▶ **Assignment**
Search the records for the word "units" and copy every line in which it occurs.

▶ **Stored dataset items**

┏━━

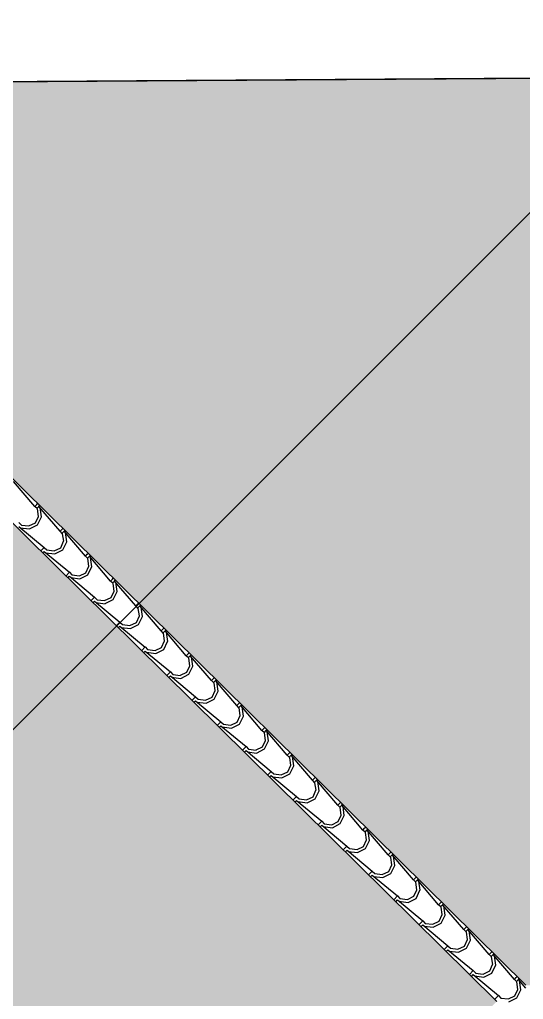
# Model space of a CAD drawing. Header units: millimetres. Extents: x 648844 to 649530, y 1246379 to 1246752.
# Drawn here: x 649247.439 to 649249.814, y 1246501.583 to 1246506.202 of the extents above; entities that cross this region are included whole.
import ezdxf

# ---------------------------------------------------------------- set-up
doc = ezdxf.new("R2010")
doc.units = ezdxf.units.MM
doc.header["$LTSCALE"] = 20
doc.header["$MEASUREMENT"] = 0
doc.layers.get('0').update_dxf_attribs({"linetype": 'CONTINUOUS'})
doc.layers.add('acera', color=8, linetype='CONTINUOUS')
doc.layers.add('TECHO', color=30, linetype='CONTINUOUS')

# ---------------------------------------------------------------- blocks, each defined once
blk = doc.blocks.new('TEJA45')
at = {"layer": 'TECHO'}
for p, q in [((-4.30109453743124, 0.003373312974005671), (-4.338904903318486, -0.01553191024338219)), ((-4.338878731607565, -0.01549407817016046), (-4.357783954824953, -0.05330444405740664)), ((-4.329234331119117, -0.0251612296676953), (-4.343413244841877, -0.05588226656990258)), ((-4.298542692692415, -0.01097030757503248), (-4.329263729594622, -0.02514922129779151)), ((-4.26311835918694, -0.01554392932355597), (-4.298565568463687, -0.01081766206118218)), ((-4.251441876607259, -0.0273431592726503), (-4.26325763092089, -0.01552740495902327)), ((-4.234016350078228, -0.009917632743729143), (-4.251441876607103, -0.02734315927260411)), ((-4.133272190734765, -0.1265879860058945), (-4.251429700366309, -0.027335534660196)), ((-4.381066017177957, -0.06124925080087706), (-4.346016502186039, -0.102974803662196)), ((-4.35797142863111, -0.05318179792779887), (-4.352063505140784, -0.09690015418051345)), ((-4.343591862623768, -0.05589942889180222), (-4.338865595361391, -0.09134663816855237)), ((-4.338878458527873, -0.09114823256618365), (-4.327062704214242, -0.1029639868798107)), ((-4.345967911116119, -0.1029639868798178), (-4.349534970707111, -0.1065310464708098)), ((-4.345967911116119, -0.1029639868798107), (-4.336515307665216, -0.09351138342890764)), ((-4.336515307665216, -0.1124165903307208), (-4.340082367256201, -0.1159836499217093)), ((-4.327062704214313, -0.1029639868798071), (-4.336515307665216, -0.1124165903307102)), ((-4.327111233059028, -0.1029747646336112), (-4.22785878171333, -0.2211322742651518)), ((-4.220721201728821, -0.133651809418069), (-4.239626424946209, -0.1714621753053152)), ((-4.182936806183335, -0.1147842169047451), (-4.220747172070581, -0.1336894401221329)), ((-4.18038622950089, -0.1291267163455458), (-4.211107266403097, -0.1433056300683049)), ((-4.139300345048618, -0.1205481043353416), (-4.183018701301336, -0.1146401808450186)), ((-4.144961878097952, -0.1337013799378433), (-4.180409087374699, -0.1289751126754695)), ((-4.133284333470982, -0.1455007024089205), (-4.145100087784613, -0.1336849480952935)), ((-4.125311410392847, -0.1186225724290999), (-4.133284333470819, -0.1265954955070754)), ((-4.115858806941951, -0.1280751758799994), (-4.133284333470826, -0.1455007024088779)), ((-4.239812853075087, -0.1713401743580043), (-4.23390492958476, -0.2150585306107189)), ((-4.225434412009413, -0.1740559099816323), (-4.220708144747036, -0.2095031192583825)), ((-4.211077922348551, -0.1433176928592701), (-4.22525683607131, -0.1740387297614774)), ((-4.015114720131677, -0.2447457064787315), (-4.133272229763222, -0.145493255133033)), ((-4.227810367979835, -0.2211215300160916), (-4.231377427570827, -0.22468858960708)), ((-4.227810367979849, -0.2211215300160809), (-4.218357764528946, -0.2116689265651779)), ((-4.218357764528939, -0.2305741334669946), (-4.221924824119924, -0.2341411930579831)), ((-4.220720915391595, -0.2093057757024575), (-4.208905161077965, -0.2211215300160845)), ((-4.208905161078043, -0.2211215300160916), (-4.218357764528946, -0.2305741334669946)), ((-4.208953512586156, -0.2211322352367517), (-4.109701061240457, -0.3392897448682923)), ((-4.102563671850049, -0.2518095406659526), (-4.121468895067437, -0.2896199065531988)), ((-4.092921513577991, -0.2614741560508413), (-4.10710042730075, -0.2921951929530486)), ((-4.064779074935444, -0.2329417467835064), (-4.10258944082269, -0.2518469700008943)), ((-4.062229766308533, -0.2472831251156791), (-4.092950803210741, -0.2614620388384381)), ((-4.021141968615652, -0.2387066798917949), (-4.06486032486837, -0.232798756401472)), ((-4.026805397007173, -0.2518588305523757), (-4.06225260628392, -0.2471325632900019)), ((-4.015126790334705, -0.2636582455451908), (-4.026942544648335, -0.2518424912315638)), ((-4.007153867256584, -0.2367801155653737), (-4.015126790334556, -0.2447530386433456)), ((-3.997701263805688, -0.2462327190162696), (-4.015126790334563, -0.2636582455451446)), ((-3.896957249528668, -0.3629034269514939), (-4.015114759160213, -0.2636509756057954)), ((-4.121654277518559, -0.2894985507918193), (-4.115746354028232, -0.3332169070445339)), ((-4.107276961395293, -0.2922123910696612), (-4.102550694132916, -0.3276596003464114)), ((-4.109652824843572, -0.3392790731523618), (-4.113219884434571, -0.3428461327433574)), ((-4.109652824843586, -0.3392790731523547), (-4.100200221392683, -0.3298264697014517)), ((-4.100200221392676, -0.3487316766032613), (-4.103767280983661, -0.3522987361942498)), ((-4.102563372255318, -0.3274633188387313), (-4.090747617941688, -0.3392790731523583)), ((-4.090747617941773, -0.3392790731523512), (-4.100200221392676, -0.3487316766032542)), ((-4.09079579211361, -0.3392897058395334), (-3.991543340767912, -0.457447215471074)), ((-3.946621343687561, -0.3510992766622749), (-3.984431709574807, -0.3700044998796628)), ((-3.94407330311784, -0.3654395338865797), (-3.974794340020047, -0.3796184476093387)), ((-3.902983592182693, -0.3568652554482519), (-3.946701948435411, -0.3509573319579289)), ((-3.908648915918178, -0.3700162811666665), (-3.944096125194925, -0.3652900139042927)), ((-3.888996324120313, -0.354937658701644), (-3.896969247198278, -0.3629105817796088)), ((-3.87954372066941, -0.3643902621525434), (-3.896969247198278, -0.3818157886814149)), ((-4.003495701961803, -0.4076569272274284), (-3.997587778471477, -0.451375283480143)), ((-3.984406141971292, -0.3699672719138363), (-4.003311365188679, -0.4077776378010824)), ((-3.989119510780938, -0.4103688721594914), (-3.984393243518561, -0.4458160814362415)), ((-3.974765104807034, -0.3796306192415919), (-3.988944018529793, -0.4103516561437992)), ((-3.896969247198427, -0.381815788681461), (-3.908785001512058, -0.370000034367834)), ((-3.778799778925574, -0.4810611474243274), (-3.896957288557118, -0.3818086960786289)), ((-3.991495281707294, -0.457436616288625), (-3.995062341298279, -0.4610036758796134)), ((-3.991495281707302, -0.457436616288625), (-3.982042678256398, -0.4479840128377219)), ((-3.984405829119041, -0.4456208619750051), (-3.97259007480541, -0.4574366162886321)), ((-3.972590074805495, -0.457436616288625), (-3.982042678256398, -0.466889219739528)), ((-3.972638071640603, -0.4574471764428409), (-3.873385620294904, -0.5756046860743815)), ((-3.982042678256391, -0.4668892197395316), (-3.985609737847383, -0.47045627933052)), ((-3.866248612092527, -0.4881250031617235), (-3.885153835309914, -0.5259353690489696)), ((-3.856608696036851, -0.4977870824339909), (-3.87078760975961, -0.5285081193361982)), ((-3.828463612439656, -0.4692568065410221), (-3.866273978326902, -0.4881620297584099)), ((-3.825916839927132, -0.4835959426574767), (-3.856637876829339, -0.4977748563802358)), ((-3.784825215747915, -0.4750238310049539), (-3.828543572000633, -0.4691159075146309)), ((-3.790492434830099, -0.4881737317808401), (-3.825939644106846, -0.4834474645184663)), ((-3.77881170406215, -0.4999733318177313), (-3.790627458375781, -0.4881575775041043)), ((-3.770838780984029, -0.4730952018379142), (-3.778811704062008, -0.4810681249158897)), ((-3.761386177533133, -0.4825478052888172), (-3.778811704062015, -0.4999733318176993)), ((-3.660642308322466, -0.5992188678971608), (-3.77879981795401, -0.4999664165514623)), ((-3.885337126405283, -0.5258153036612399), (-3.879429202914956, -0.5695336599139544)), ((-3.870962060166704, -0.5285253532484191), (-3.866235792904327, -0.5639725625251693)), ((-3.873337738571024, -0.5755941594249059), (-3.876904798162016, -0.5791612190158979)), ((-3.873337738571038, -0.5755941594248988), (-3.863885135120135, -0.5661415559739957)), ((-3.863885135120128, -0.585046762875816), (-3.86745219471112, -0.5886138224668045)), ((-3.866248285982763, -0.5637784051112789), (-3.854432531669133, -0.5755941594249059)), ((-3.854432531669225, -0.575594159424913), (-3.863885135120128, -0.585046762875816)), ((-3.854480351167879, -0.5756046470457967), (-3.755227899822181, -0.6937621566773373)), ((-3.710305881191751, -0.5874143364197764), (-3.748116247078997, -0.6063195596371642)), ((-3.666666839314047, -0.5931824065615281), (-3.710385195566765, -0.5872744830712051)), ((-3.652681237847766, -0.591252744974188), (-3.660654160925738, -0.5992256680521599)), ((-3.76717855084901, -0.643973680093243), (-3.761270627358684, -0.6876920363459575)), ((-3.748091082213755, -0.6062827344096036), (-3.766996305431142, -0.6440931002968497)), ((-3.738452287266668, -0.6159435456263971), (-3.752631200989427, -0.6466645825286044)), ((-3.707760376734775, -0.60175235142761), (-3.738481413636983, -0.615931265150369)), ((-3.672335953740216, -0.6063311823952517), (-3.707783163016963, -0.601604915132878)), ((-3.660654160925873, -0.6181308749540015), (-3.672469915239503, -0.6063151206403745)), ((-3.64322863439687, -0.6007053484250875), (-3.660654160925738, -0.6181308749539589)), ((-3.542484837719407, -0.7173765883699588), (-3.660642347350951, -0.6181241370242603)), ((-3.755180195434768, -0.693751702561169), (-3.745727591983865, -0.684299099110266)), ((-3.75280460955247, -0.6466818343373433), (-3.748078342290093, -0.6821290436140934)), ((-3.748090742846486, -0.6819359482475527), (-3.736274988532855, -0.6937517025611797)), ((-3.755180195434754, -0.6937517025611761), (-3.758747255025746, -0.6973187621521681)), ((-3.745727591983851, -0.7032043060120756), (-3.749294651574843, -0.7067713656030641)), ((-3.736274988532955, -0.693751702561169), (-3.745727591983858, -0.7032043060120721)), ((-3.736322630694985, -0.6937621176489728), (-3.637070179349287, -0.8119196272805134)), ((-3.629933552335011, -0.7244404656575156), (-3.648838775552399, -0.7622508315447618)), ((-3.620295878495718, -0.7341000088171477), (-3.634474792218477, -0.7648210457193549)), ((-3.592148149943888, -0.705571866298552), (-3.629958515831134, -0.7244770895159398)), ((-3.589603913543264, -0.7199087601981269), (-3.620324950445472, -0.7340876739208859)), ((-3.548508462881067, -0.7113409821179886), (-3.592226819133785, -0.7054330586276656)), ((-3.554179472650326, -0.7244886330096598), (-3.589626681927072, -0.719762365747286)), ((-3.542496617789595, -0.7362884180902718), (-3.554312372103226, -0.7244726637766448)), ((-3.534523694711496, -0.7094102881104618), (-3.54249661778946, -0.7173832111884266)), ((-3.525071091260592, -0.7188628915613613), (-3.542496617789467, -0.7362884180902363)), ((-3.424327367116369, -0.8355343088427567), (-3.542484876747913, -0.7362818574970582)), ((-3.649019975292497, -0.7621320565270508), (-3.64311205180217, -0.8058504127797654)), ((-3.634647158938243, -0.764838315426271), (-3.629920891675866, -0.8002855247030212)), ((-3.637022652298477, -0.8119092456974428), (-3.640589711889469, -0.8154763052884348)), ((-3.637022652298491, -0.8119092456974428), (-3.627570048847588, -0.8024566422465398)), ((-3.627570048847581, -0.821361849148353), (-3.631137108438573, -0.8249289087393414)), ((-3.629933199710209, -0.8000934913838265), (-3.618117445396578, -0.8119092456974535)), ((-3.618117445396678, -0.8119092456974499), (-3.627570048847581, -0.821361849148353)), ((-3.618164910222042, -0.8119195882522163), (-3.518912458876343, -0.9300770978837569)), ((-3.473990418696012, -0.8237293961773169), (-3.511800784583258, -0.8426346193947047)), ((-3.430350086447213, -0.8294995576745663), (-3.474068442699931, -0.8235916341842433)), ((-3.416366151575225, -0.827567831246732), (-3.42433907465319, -0.8355407543246969)), ((-3.51177602245626, -0.8425981969054241), (-3.530681245673648, -0.8804085627926703)), ((-3.502139469724781, -0.8522564720078947), (-3.51631838344754, -0.882977508910102)), ((-3.471447450351725, -0.8380651689686403), (-3.502168487253932, -0.8522440826913993)), ((-3.436022991562247, -0.8426460836238334), (-3.471470200838993, -0.8379198163614596)), ((-3.424339074653318, -0.854445961226542), (-3.436154828966949, -0.842630206912915)), ((-3.406913548124322, -0.8370204346976315), (-3.424339074653197, -0.8544459612265065)), ((-3.306169896513211, -0.9536920293156292), (-3.424327406144755, -0.8544395779699308)), ((-3.530861399736224, -0.8802904329590646), (-3.524953476245898, -0.9240087892117792)), ((-3.518865109162221, -0.9300667888337131), (-3.509412505711317, -0.92061418538281)), ((-3.516489708323888, -0.8829947965161011), (-3.511763441061511, -0.9184420057928513)), ((-3.511775656573931, -0.9182510345201003), (-3.499959902260301, -0.9300667888337273)), ((-3.518865109162206, -0.9300667888337131), (-3.522432168753198, -0.9336338484247051)), ((-3.50941250571131, -0.9395193922846232), (-3.512979565302302, -0.9430864518756117)), ((-3.499959902260414, -0.9300667888337202), (-3.509412505711317, -0.9395193922846232)), ((-3.500007189749233, -0.9300770588552822), (-3.400754738403535, -1.048234568486823)), ((-3.393618492577495, -0.9607559281533291), (-3.412523715794883, -0.9985662940405753)), ((-3.355832687448071, -0.9418869260560534), (-3.393643053335317, -0.9607921492734413)), ((-3.353290987160214, -0.9562215777391607), (-3.384012024062422, -0.9704004914619198)), ((-3.312191710013344, -0.9476581332311405), (-3.355910066266063, -0.9417502097408175)), ((-3.317866510474161, -0.9608035342380035), (-3.353313719750908, -0.9560772669756297)), ((-3.306181531517041, -0.9726035043628123), (-3.317997285830671, -0.9607877500491853)), ((-3.298208608438955, -0.9457253743830059), (-3.30618153151692, -0.9536982974609707)), ((-3.288756004988052, -0.9551779778339053), (-3.30618153151692, -0.9726035043627768)), ((-3.412702824179448, -0.9984488093946737), (-3.406794900689121, -1.042167165647388)), ((-3.398332257709647, -1.001151277605036), (-3.39360599044727, -1.036598486881786)), ((-3.383983060954591, -0.9704129352002937), (-3.39816197467735, -1.001133972102501)), ((-3.188012425910209, -1.071849749788395), (-3.306169935541753, -0.9725972984426967)), ((-3.400707566025936, -1.048224331969987), (-3.404274625616935, -1.051791391560982)), ((-3.40070756602595, -1.048224331969987), (-3.391254962575047, -1.038771728519084)), ((-3.391254962575033, -1.057676935420893), (-3.394822022166032, -1.061243995011893)), ((-3.393618113437654, -1.036408577656374), (-3.381802359124023, -1.048224331970001)), ((-3.381802359124137, -1.04822433196999), (-3.39125496257504, -1.057676935420893)), ((-3.381849469276574, -1.048234529458174), (-3.282597017930875, -1.166392039089715)), ((-3.237674956200188, -1.060044455934815), (-3.275485322087434, -1.078949679152203)), ((-3.194033333579469, -1.065816708787722), (-3.237751689832187, -1.059908785297399)), ((-3.275460962698737, -1.078913659401216), (-3.294366185916125, -1.116724025288462)), ((-3.265826652184032, -1.088569398391872), (-3.280005565906791, -1.119290435294079)), ((-3.235134523970345, -1.074377986510438), (-3.265855560872552, -1.088556900233197)), ((-3.199710029384271, -1.078960984852415), (-3.235157238661017, -1.074234717590041)), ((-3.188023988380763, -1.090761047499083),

┗━━

▶ **Answer section**
# Model space of a CAD drawing. Header units: millimetres. Extents: x 648844 to 649530, y 1246379 to 1246752.
doc.units = ezdxf.units.MM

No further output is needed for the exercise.